# Masonic Cemeteries



## My Freemasonry (Jun 13, 2011)

_​_


I got the chance to see Acacia Cemetery in Oranjestad, Aruba when I was there last November. 


Given the themes of mortality found in Freemasonry, along with the 19th century growth of fraternal burial societies, it's not uncommon to find Masonic cemeteries all around the world. They can be small and simple, or quite elaborate. Unfortunately, too many of them have fallen into disrepair, and new stories abound telling similar tales of lodges that are no longer able to maintain them, or the corporations that once ran them that have disappeared, or just plain run out of money.




​
In my hometown, there was a Masonic Burial Ground Association of Indianapolis organized in 1873, when they purchased a lot within venerable Crown Hill Cemetery with 300 burial plots. I have been unable to find out when the association was dissolved, but it's on my list of things to find in my copious free time. Meanwhile, on the far east side of the city is Washington Park Cemetery East, which was established as a Masonic cemetery in 1922.

A notable Masonic cemetery is Acacia Park at 7800 W. Irving Park Road in Chicago.





It was established in 1922, and there are many overt symbols of the fraternity on the grounds and its buildings. Matching obelisks mark the two entrances to the grounds, and each are adorned with statues depicting a broken column. One includes a statue of "Faith," and the other the "Weeping Virgin" holding a sprig of acacia.



Squares and compasses can be found on doors, gates, and stained glass windows.

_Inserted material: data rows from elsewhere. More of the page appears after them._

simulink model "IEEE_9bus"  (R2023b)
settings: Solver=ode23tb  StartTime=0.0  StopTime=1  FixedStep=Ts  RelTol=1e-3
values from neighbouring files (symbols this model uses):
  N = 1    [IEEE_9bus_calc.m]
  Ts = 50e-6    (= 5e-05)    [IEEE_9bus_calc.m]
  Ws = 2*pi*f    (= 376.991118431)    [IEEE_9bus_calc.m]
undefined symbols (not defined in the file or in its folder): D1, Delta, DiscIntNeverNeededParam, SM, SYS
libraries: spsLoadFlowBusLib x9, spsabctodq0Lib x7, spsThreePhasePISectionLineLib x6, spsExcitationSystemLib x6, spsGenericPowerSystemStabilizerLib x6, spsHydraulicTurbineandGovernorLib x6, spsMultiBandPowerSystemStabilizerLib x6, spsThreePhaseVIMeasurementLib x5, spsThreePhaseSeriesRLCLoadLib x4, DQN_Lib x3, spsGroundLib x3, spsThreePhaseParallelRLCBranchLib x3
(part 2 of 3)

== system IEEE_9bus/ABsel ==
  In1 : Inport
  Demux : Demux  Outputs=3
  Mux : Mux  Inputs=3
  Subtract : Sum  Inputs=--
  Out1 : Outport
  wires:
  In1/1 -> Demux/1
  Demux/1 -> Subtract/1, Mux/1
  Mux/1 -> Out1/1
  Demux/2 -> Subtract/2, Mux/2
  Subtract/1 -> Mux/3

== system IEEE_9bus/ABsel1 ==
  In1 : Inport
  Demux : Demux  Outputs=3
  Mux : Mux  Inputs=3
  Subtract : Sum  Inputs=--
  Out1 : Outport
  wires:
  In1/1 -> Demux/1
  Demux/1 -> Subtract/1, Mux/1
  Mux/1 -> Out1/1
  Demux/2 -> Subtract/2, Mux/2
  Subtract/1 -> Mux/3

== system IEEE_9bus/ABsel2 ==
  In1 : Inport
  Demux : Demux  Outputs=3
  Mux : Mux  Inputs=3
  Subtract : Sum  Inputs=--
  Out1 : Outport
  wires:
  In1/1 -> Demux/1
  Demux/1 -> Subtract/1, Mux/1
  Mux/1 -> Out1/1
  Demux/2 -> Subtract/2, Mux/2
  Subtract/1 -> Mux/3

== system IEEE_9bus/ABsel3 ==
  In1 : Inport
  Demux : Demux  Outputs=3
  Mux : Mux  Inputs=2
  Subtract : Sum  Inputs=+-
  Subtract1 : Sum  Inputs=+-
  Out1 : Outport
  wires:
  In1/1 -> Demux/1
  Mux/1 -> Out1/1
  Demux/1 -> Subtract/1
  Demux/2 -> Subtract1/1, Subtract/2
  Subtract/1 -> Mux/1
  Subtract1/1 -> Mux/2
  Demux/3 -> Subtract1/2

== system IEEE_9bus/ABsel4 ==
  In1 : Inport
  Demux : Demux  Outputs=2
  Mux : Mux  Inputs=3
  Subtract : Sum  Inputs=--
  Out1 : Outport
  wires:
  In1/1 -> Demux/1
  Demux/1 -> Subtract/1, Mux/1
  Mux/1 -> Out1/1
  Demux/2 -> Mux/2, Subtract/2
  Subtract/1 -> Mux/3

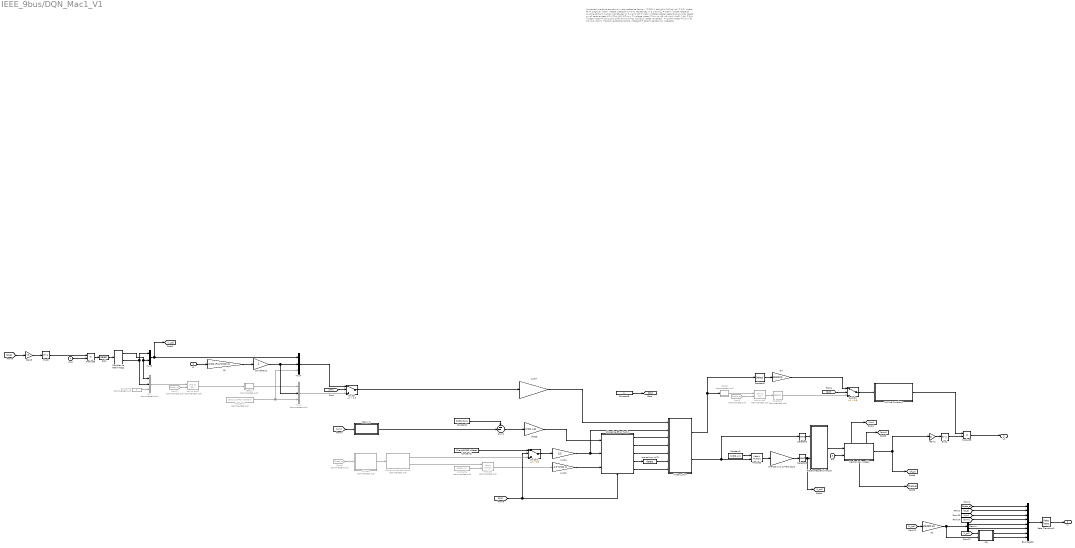
== system IEEE_9bus/DQN_Mac1_V1 ==
  note: Implement  machine equations in rotor reference frame:
      |   v = [R]*i + dphi/dt + [W]*phi
      | phi = [L]*i
      |
      | where:
      | [R] = diagonal matrix (nState,nState)of winding resistances in d q axis
      | [L] = matrix (nSate,nState)of winding self and mutual inductances in d q axis
      | [W] = matrix (nState,nState) depending on rotor speed wr,
      |       all zeros except W(1,2)=wr  W(2,1)=-wr
      |
      |   v = voltage vector      = [vq   vd   vfd   vkd   vkq1   (vkq2)  ]'
      | phi = flux linkage vector = [phiq phid phifd phikd phikq1 (phikq2)]' (state variables)
      |   i = current vector      = [iq   id   ifd   ikd   ikq1   (ikq2)  ]'
      |
      | if RotorType=Salient-Pole, nState=5
      | if RotorType=Round,        nState=6
  Vs_C : Inport
  Vf : Inport  Port=2
  Pm : Inport  Port=3
  1_Vb1 : Gain  Gain=-0.5*SMRD.Ib  SaturateOnIntegerOverflow=on  OutDataTypeStr=Inherit: Same as input  ParamDataTypeStr=Inherit: Same as input
  1_Vb4 : Gain  Gain=1/3  SaturateOnIntegerOverflow=on  OutDataTypeStr=Inherit: Same as input  ParamDataTypeStr=Inherit: Same as input
  1_Vb7 : Gain  Gain=SMRD.web/SMRD.Vb  SaturateOnIntegerOverflow=on  OutDataTypeStr=Inherit: Same as input  ParamDataTypeStr=Inherit: Same as input
  ABsel2 : Subsystem  Commented=on
  ABsel3 : Subsystem  Commented=on
  Bus Creator : BusCreator  Inputs=8
  Complex to Real-Imag1 : ComplexToRealImag
  Constant : Constant  Commented=on  Value=zeros(1,SMRD.nState-3)
  Constant1 : Constant  Value=SMRD.RLinv
  Constant2 : Constant  Value=3*eye(SMRD.nState)
  Constant4 : Constant  Commented=on  Value=SMRD.Linv
  Constant5 : Constant  Commented=on  Value=0
  Constant7 : Constant  Value=SMRD.Linv
  Constant8 : Constant
  Demux : Demux  Outputs=2
  Discretize BE or Tustin : Subsystem
      settings: PortSchema="{\"entries\":[{\"content\":{\"sides\":[{\"content\":{\"connectorIds\":[\"In1\",\"In2\",\"In3\"]},\"type\":\"ConnectorPlacement.EquallySpacedRectSide\",\"uuid\":\"a6b8bc68-dacc-495a-bf9e-1715fd4ce50f\"},{\"content\":{\"connectorIds\":[\"Out1\",\"Out2\",\"Out3\",\"Out4\",\"Out5\"],\"side\":\"RIGHT\"},\"type\":\"ConnectorPlacement.EquallySpacedRectSide\",\"uuid\":\"950ac892-f5e8-4081-8a8f-99bab3dfce2c\"},{\"content\":{\"side\":\"TOP\"},\"type\":\"ConnectorPlacement.EquallySpacedRectSide\",\"uuid\":\"9af2ed0d-ba89-43cd-9977-15872ca13b39\"},{\"content\":{\"connectorIds\":[\"In4\"],\"side\":\"BOTTOM\"},\"type\":\"ConnectorPlacement.EquallySpacedRectSide\",\"uuid\":\"e70e144b-23c4-40ad-9fe1-8550fd976efc\"}]},\"type\":\"ConnectorPlacement.EquallySpacedConnector\",\"uuid\":\"50b9889c-6d2c-45b1-ad8f-98a7760fa0a3\"}],\"packageUris\":[\"http://schema.mathworks.com/mf0/Connector/R2020b\"],\"version\":\"1.0\"}"
  Electromagnetic Torque : Subsystem
  Exp2 : Math
  Exp3 : Math
  From3 : From  Commented=on  GotoTag=theta_e
  From5 : From  Commented=on  GotoTag=theta_e
  From8 : From  Commented=on  GotoTag=theta_e
  Gain2 : Gain  Gain=1i
  Gain3 : Gain  Gain=-1i
  Ihistory_Flux : Subsystem
  MATLAB Function2 : MATLAB Function  TreatAsAtomicUnit=on  mask{N=SMRD.N}
      mask prompts: N "Harmonic order:"
  Matrix W : Subsystem
      settings: LibrarySourceBlock=spsSynchronousMachineModel/Discrete robust/Matrix W
  Mechanical model1 : Subsystem
      settings: LibrarySourceBlock=spsSynchronousMachineModel/Discrete Pm input trapezoidal  PortSchema="{\"entries\":[{\"content\":{\"sides\":[{\"content\":{\"connectorIds\":[\"In1\",\"In2\"]},\"type\":\"ConnectorPlacement.EquallySpacedRectSide\",\"uuid\":\"2381534f-5abc-4a8d-aa04-ab974f15f8a1\"},{\"content\":{\"connectorIds\":[\"Out1\"],\"side\":\"RIGHT\"},\"type\":\"ConnectorPlacement.EquallySpacedRectSide\",\"uuid\":\"4b91f832-d568-486f-91ee-7f5a07d19f05\"},{\"content\":{\"connectorIds\":[\"Out3\",\"Out4\"],\"side\":\"TOP\"},\"type\":\"ConnectorPlacement.EquallySpacedRectSide\",\"uuid\":\"94f23016-8fd9-49f0-81e0-4b44cc2bc22e\"},{\"content\":{\"connectorIds\":[\"Out2\"],\"side\":\"BOTTOM\"},\"type\":\"ConnectorPlacement.EquallySpacedRectSide\",\"uuid\":\"caf2a10e-4688-4978-a259-17b5afc46c0a\"}]},\"type\":\"ConnectorPlacement.EquallySpacedConnector\",\"uuid\":\"5998548e-4f7b-436e-b4ae-37de4e285cc4\"}],\"packageUris\":[\"http://schema.mathworks.com/mf0/Connector/R2020b\"],\"version\":\"1.0\"}"
  Mux : Mux  Commented=on  Inputs=3
  Mux1 : Mux  Commented=on  Inputs=[2 1 SMRD.nState-3]
  Mux3 : Mux  Inputs=2
  Mux4 : Mux  Inputs=[2 1 SMRD.nState-3]
  N1 : Gain  Gain=SMRD.Vfnp*SMRD.Vb  SaturateOnIntegerOverflow=on  OutDataTypeStr=Inherit: Same as input  ParamDataTypeStr=Inherit: Same as input
  N2 : Gain  Gain=1/SMRD.Vb  SaturateOnIntegerOverflow=on  OutDataTypeStr=Inherit: Same as input  ParamDataTypeStr=Inherit: Same as input
  PQ : Subsystem  AncestorBlock=spsSynchronousMachineModel/Discrete robust/Machine Measurements/PQ
  Product2 : Product  Multiplication=Matrix(*)  SaturateOnIntegerOverflow=on  OutDataTypeStr=Inherit: Same as first input
  Product4 : Product  Commented=on  Multiplication=Matrix(*)  SaturateOnIntegerOverflow=on  OutDataTypeStr=Inherit: Same as first input
  Product5 : Product
  Product6 : Product
  Rate Transition2 : RateTransition  Deterministic=off  OutPortSampleTime=Ts
  SM.VfGain1 : Gain
  Sel1 : Selector  NumberOfDimensions=2  InputPortWidth=3  IndexOptions=Index vector (dialog),Index vector (dialog)  Indices=1,2  OutputSizes=1
  Selector1 : Selector  Commented=on  InputPortWidth=3  IndexOptions=Index vector (dialog)  Indices=[1 2]  OutputSizes=1
  Selector2 : Selector  InputPortWidth=SMRD.nState  IndexOptions=Index vector (dialog)  Indices=[1 2]  OutputSizes=1
  Selector3 : Selector  InputPortWidth=SMRD.nState  IndexOptions=Index vector (dialog)  Indices=[1 2]  OutputSizes=1
  Selector5 : Selector  InputPortWidth=2  IndexOptions=Index vector (dialog)  Indices=[2 1]  OutputSizes=1
  Sum1 : Sum  Inputs=--|  SaturateOnIntegerOverflow=on
  Switch : Switch  Criteria=u2 > Threshold  Threshold=0.5  SaturateOnIntegerOverflow=off  InputSameDT=off
  Switch1 : Switch  Criteria=u2 > Threshold  Threshold=0.5  SaturateOnIntegerOverflow=off  InputSameDT=off
  Switch3 : Switch  Criteria=u2 > Threshold  Threshold=0.5  SaturateOnIntegerOverflow=off  InputSameDT=off
  abc to dq transformation : Subsystem  Commented=on
      settings: LibrarySourceBlock=|
      | spsSynchronousMachineModel/Discrete robust/abc to dq
      | transformation
  abc to dq0 : spsabctodq0Lib/abc to dq0  Commented=on  Alignment=90 degrees behind phase A axis
  change Iq Id current signs : Gain  Gain=SMRD.IqdSign
  dq0 to abc1 : spsdq0toabcLib/dq0 to abc  Commented=on  Alignment=90 degrees behind phase A axis
  ib4 : Gain  Gain=SMRD.Ib  SaturateOnIntegerOverflow=on  OutDataTypeStr=Inherit: Same as input  ParamDataTypeStr=Inherit: Same as input
  last column of D : Selector  NumberOfDimensions=2  InputPortWidth=3  IndexOptions=Index vector (dialog),Index vector (dialog)  Indices=[1:SMRD.nState],3  OutputSizes=1,1
  sin,cos : Subsystem  Commented=on
      settings: LibrarySourceBlock=spsSynchronousMachineModel/Discrete robust/sin,cos
  wbase : Gain  Gain=SMRD.web
  I_C : Outport  VectorParamsAs1DForOutWhenUnconnected=off
  m : Outport  Port=2  VectorParamsAs1DForOutWhenUnconnected=off
  wires:
  Vs_C/1 -> Product6/2  "vd,vq"
  sin,cos/1(sin,cos) -> abc to dq transformation/1(sin,cos)
  1_Vb1/1 -> Discretize BE or Tustin/3(C)
  last column of D/1 -> Ihistory_Flux/6(D(:,3))
  Discretize BE or Tustin/1(Ad) -> Ihistory_Flux/3(Ad)
  Discretize BE or Tustin/4(Dd) -> last column of D/1
  Electromagnetic Torque/1(Te) -> Mechanical model1/1(Te)
  Product2/1 -> change Iq Id current signs/1
  wbase/1 -> Discretize BE or Tustin/1(A)
  Discretize BE or Tustin/5(inv(I_Ts/2*A)) -> Ihistory_Flux/7(inv())
  Discretize BE or Tustin/2(Bd) -> Ihistory_Flux/4(Bd)
  Constant4/1 -> Product4/2  "Linv"
  Matrix W/1("[W]") -> Sum1/2
  Sum1/1 -> wbase/1  "A"
  Product4/1 -> 1_Vb1/1
  Ihistory_Flux/2(phi) -> Product2/2, Selector2/1
  Mechanical model1/2(theta_e) -> [theta_e]
  Mechanical model1/3(we) -> [wm]
  Pm/1 -> Mechanical model1/2(input)
  Constant7/1 -> Product2/1  "Linv"
  Constant2/1 -> Switch1/1
  ABsel3/1(Out1) -> Mux1/1
  Mux1/1 -> Switch/3  "u"
  Constant1/1 -> Sum1/1
  Vf/1 -> N1/1  "Vfd"
  Constant/1 -> Mux1/3, Mux4/3
  SM.VfGain1/1 -> Mux4/2, Mux1/2
  Mux4/1 -> Switch/1  "u"
  N1/1 -> SM.VfGain1/1  "Vfd"
  dq0 to abc1/1 -> ABsel3/1(v)
  abc to dq transformation/2(Ti (2x2)) -> Product4/1
  Switch1/1 -> 1_Vb4/1  "u"
  Ihistory_Flux/1(Ihyst) -> Selector5/1, ABsel2/1(v)  "I(k) = Linv*phi"
  MATLAB Function2/1(Vs_c) -> Product5/1
  Exp2/1 -> Product5/2
  Gain2/1 -> Exp2/1
  Switch/1 -> 1_Vb7/1
  Gain3/1 -> Exp3/1
  [dt_e] -> Gain3/1
  Product6/1 -> Sel1/1
  Exp3/1 -> Product6/1
  Sel1/1 -> Complex to Real-Imag1/1
  Mechanical model1/1(dtheta_e) -> [dt_e], Gain2/1
  Complex to Real-Imag1/2 -> Mux3/1, Mux/2
  Complex to Real-Imag1/1 -> Mux/1, Mux3/2
  Mux3/1 -> [v_qd], Mux4/1
  Switch3/1 -> MATLAB Function2/1(Vdq_vec)
  Mux/1 -> dq0 to abc1/1
  From3/1 -> dq0 to abc1/2
  Constant5/1 -> Mux/3
  1_Vb7/1 -> Ihistory_Flux/1(u)  "u"
  [SW] -> Switch/2
  Constant8/1 -> [SW]
  [SW] -> Switch1/2, Discretize BE or Tustin/4(SW)
  abc to dq transformation/1(Tv (nx3)) -> Switch1/3
  Selector1/1 -> Switch3/3  "Linv"
  [SW] -> Switch3/2
  Selector5/1 -> ib4/1
  abc to dq0/1 -> Selector1/1
  ABsel2/1(I) -> abc to dq0/1
  ib4/1 -> Switch3/1
  From5/1 -> abc to dq0/2
  Product5/1 -> I_C/1
  1_Vb4/1 -> Ihistory_Flux/2(B), Discretize BE or Tustin/2(B)
  [wm] -> Matrix W/1(wr)
  From8/1 -> sin,cos/1(theta)
  Discretize BE or Tustin/3(Cd) -> Ihistory_Flux/5(Cd)
  Bus Creator/1 -> Rate Transition2/1
  [theta_e] -> Bus Creator/1  "Rotor electrical angle  theta (rad)"
  [dt_e] -> Bus Creator/2  "Rotor angle deviation  d_theta (rad)"
  [wm] -> Bus Creator/3  "Rotor speed  wm  (pu)"
  Rate Transition2/1 -> m/1
  [v_qd] -> N2/1
  [i_qd] -> PQ/1(Iqd)
  PQ/1(Peo) -> Bus Creator/7  "Output active power   Peo (pu)"
  PQ/2(Qeo) -> Bus Creator/8  "Output reactive power  Qeo (pu)"
  Mechanical model1/4(dwe) -> [dwm]
  [dwm] -> Bus Creator/4  "Rotor speed deviation  dw (pu)"
  change Iq Id current signs/1 -> Selector3/1
  Selector3/1 -> [i_qd], Electromagnetic Torque/2(iqd)
  Selector2/1 -> Electromagnetic Torque/1(phiqd)
  N2/1 -> PQ/2(Vqd), Demux/1  "Vfd"
  Demux/1 -> Bus Creator/5  "Stator voltage  vq (pu)"
  Demux/2 -> Bus Creator/6  "Stator voltage  vd (pu)"

== system IEEE_9bus/Demux_DQNc_Mat ==
  In1 : Inport
  Sel1 : Selector  NumberOfDimensions=2  InputPortWidth=3  IndexOptions=Index vector (dialog),Select all  Indices=1:3, 1  OutputSizes=1
  Sel2 : Selector  NumberOfDimensions=2  InputPortWidth=3  IndexOptions=Index vector (dialog),Select all  Indices=4:6, 1  OutputSizes=1
  Sel3 : Selector  NumberOfDimensions=2  InputPortWidth=3  IndexOptions=Index vector (dialog),Select all  Indices=7:9, 1  OutputSizes=1
  Out1 : Outport
  Out2 : Outport  Port=2
  Out3 : Outport  Port=3
  wires:
  In1/1 -> Sel1/1, Sel2/1, Sel3/1
  Sel1/1 -> Out1/1
  Sel2/1 -> Out2/1
  Sel3/1 -> Out3/1

== system IEEE_9bus/Demux_DQNc_Mat2 ==
  In1 : Inport
  Sel1 : Selector  NumberOfDimensions=2  InputPortWidth=3  IndexOptions=Index vector (dialog),Select all  Indices=1:3, 1  OutputSizes=1
  Sel2 : Selector  NumberOfDimensions=2  InputPortWidth=3  IndexOptions=Index vector (dialog),Select all  Indices=4:6, 1  OutputSizes=1
  Sel3 : Selector  NumberOfDimensions=2  InputPortWidth=3  IndexOptions=Index vector (dialog),Select all  Indices=7:9, 1  OutputSizes=1
  Out1 : Outport
  Out2 : Outport  Port=2
  Out3 : Outport  Port=3
  wires:
  In1/1 -> Sel1/1, Sel2/1, Sel3/1
  Sel1/1 -> Out1/1
  Sel2/1 -> Out2/1
  Sel3/1 -> Out3/1

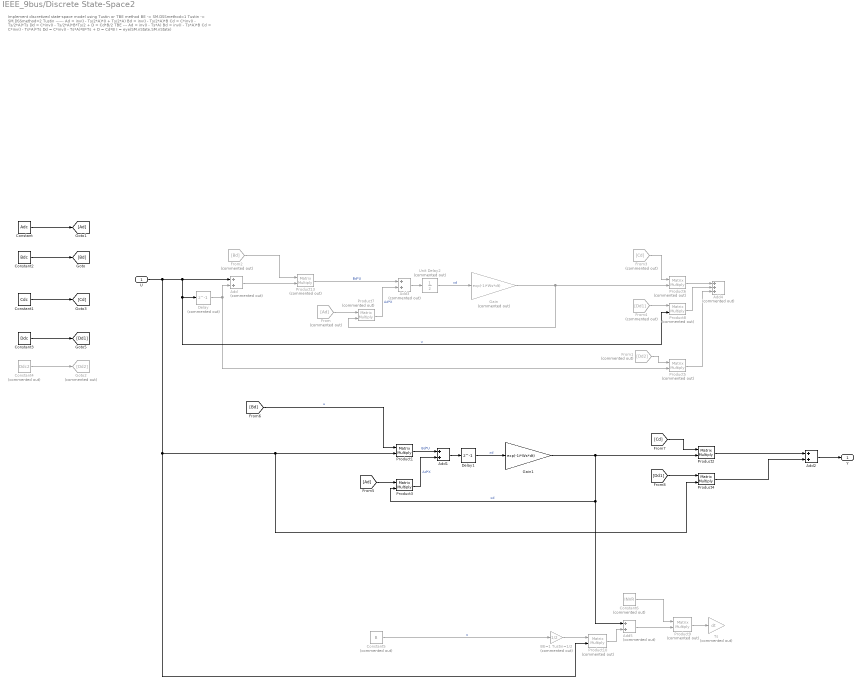
== system IEEE_9bus/Discrete State-Space2 ==
  note: Implement discretized state-space model using Tustin or TBE method
      |
      | BE      -> SM.DSSmethod=1
      | Tustin  -> SM.DSSmethod=2
      |
      |
      | Tustin
      | ------
      | Ad = inv(I - Ts/2*A)*(I + Ts/2*A)
      | Bd = inv(I - Ts/2*A)*B
      | Cd = C*inv(I - Ts/2*A)*Ts
      | Dd = C*inv(I - Ts/2*A)*B*Ts/2  + D  =  Cd*B/2
      |
      | TBE
      | ---
      | Ad = inv(I - Ts*A)
      | Bd = inv(I - Ts*A)*B
      | Cd = C*inv(I - Ts*A)*Ts
      | Dd = C*inv(I - Ts*A)*B*Ts  + D  =  Cd*B
      |
      | I = eye(SM.nState,SM.nState)
  U : Inport
  Add : Sum  Commented=on
  Add1 : Sum
  Add2 : Sum
  Add3 : Sum  Commented=on
  Add4 : Sum  Commented=on  Inputs=+++
  Add5 : Sum  Commented=on
  BE=1 Tustin=1/2 : Gain  Commented=on  Gain=1/2
  Constant : Constant  Value=Adc
  Constant1 : Constant  Value=Cdc
  Constant2 : Constant  Value=Bdc
  Constant3 : Constant  Value=Ddc
  Constant4 : Constant  Commented=on  Value=Ddc2
  Constant5 : Constant  Commented=on  Value=B
  Constant6 : Constant  Commented=on  Value=INVR
  Delay : Delay  Commented=on  DelayLength=1  SampleTime=dt
  Delay1 : Delay  DelayLength=1  InitialCondition=InitVec_c  SampleTime=dt
  From : From  Commented=on  GotoTag=Ad
  From1 : From  Commented=on  GotoTag=Dd2
  From2 : From  Commented=on  GotoTag=Bd
  From3 : From  Commented=on  GotoTag=Cd
  From4 : From  Commented=on  GotoTag=Dd1
  Gain : Gain  Commented=on  Gain=exp(-1i*Ws*dt)
  Gain1 : Gain  Gain=exp(-1i*Ws*dt)
  Goto2 : Goto  Commented=on  GotoTag=Dd2
  Product{1..4} (4 alike) : Product  Multiplication=Matrix(*)  SaturateOnIntegerOverflow=on  OutDataTypeStr=Inherit: Same as first input
  Product{5..10,13} (7 alike) : Product  Commented=on  Multiplication=Matrix(*)  SaturateOnIntegerOverflow=on  OutDataTypeStr=Inherit: Same as first input
  Ts : Gain  Commented=on  Gain=dt  SaturateOnIntegerOverflow=on  OutDataTypeStr=Inherit: Same as input  ParamDataTypeStr=Inherit: Same as input
  Unit Delay2 : UnitDelay  Commented=on  InitialCondition=(Cdc\InitVec_c)  SampleTime=dt  HasFrameUpgradeWarning=on
  Y : Outport
  wires:
  Constant4/1 -> Goto2/1
  Constant3/1 -> [Dd1]
  Constant1/1 -> [Cd]
  Constant2/1 -> [Bd]
  Constant/1 -> [Ad]
  From1/1 -> Product5/1
  Product5/1 -> Add4/3
  Product8/1 -> Add4/2
  From/1 -> Product7/1
  From4/1 -> Product8/1
  From2/1 -> Product13/1
  Product13/1 -> Add3/1  "Bd*U"
  Product7/1 -> Add3/2  "Ad*X"
  Add/1 -> Product13/2
  Product6/1 -> Add4/1
  Unit Delay2/1 -> Gain/1  "xd"
  From3/1 -> Product6/1
  Delay/1 -> Product5/2, Add/2
  Add3/1 -> Unit Delay2/1
  Gain/1 -> Product7/2, Product6/2
  Product1/1 -> Add1/1  "Bd*U"
  Product2/1 -> Add2/1
  [Dd1] -> Product4/1
  Product4/1 -> Add2/2
  [Bd] -> Product1/1  "u"
  Product3/1 -> Add1/2  "Ad*X"
  [Cd] -> Product2/1
  Delay1/1 -> Gain1/1  "xd"
  Add1/1 -> Delay1/1
  [Ad] -> Product3/1
  Constant5/1 -> BE=1 Tustin=1/2/1  "u"
  Product9/1 -> Ts/1
  Constant6/1 -> Product9/1
  Add5/1 -> Product9/2
  U/1 -> Product10/2, Product4/2, Product1/2, Add/1, Product8/2, Delay/1  "u"
  BE=1 Tustin=1/2/1 -> Product10/1
  Product10/1 -> Add5/2
  Gain1/1 -> Product3/2, Add5/1, Product2/2  "xd"
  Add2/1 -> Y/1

The main mausoleum's chapel is constructed in the form of a lodge, with a marble chair for the Master.

Notable guests here are Alvah Curtis Roebuck (1864-1948), founder of Sears, and Mike Royko (1932-1997), Chicago Tribune columnist.

For a photographic tour of the cemetery, see Matt Hucke's Graveyards of Chicago website.




H/T to William Witkowsky
	

	
	
		
		

		
			






More...


----------



## MikeMay (Jun 13, 2011)

Those are beautiful images...lots of good history there.


----------



## Jacob Johnson (Jun 14, 2011)

My grandfather was buried in the NE corner of the masonic section of the local cemetery. It's set up with a big marble bible on a marble altar and 3 big marble chairs, just like a lodge room. It always moves me when I get to go visit him (the grave is over 600 miles from my home). thanks for posting this.


----------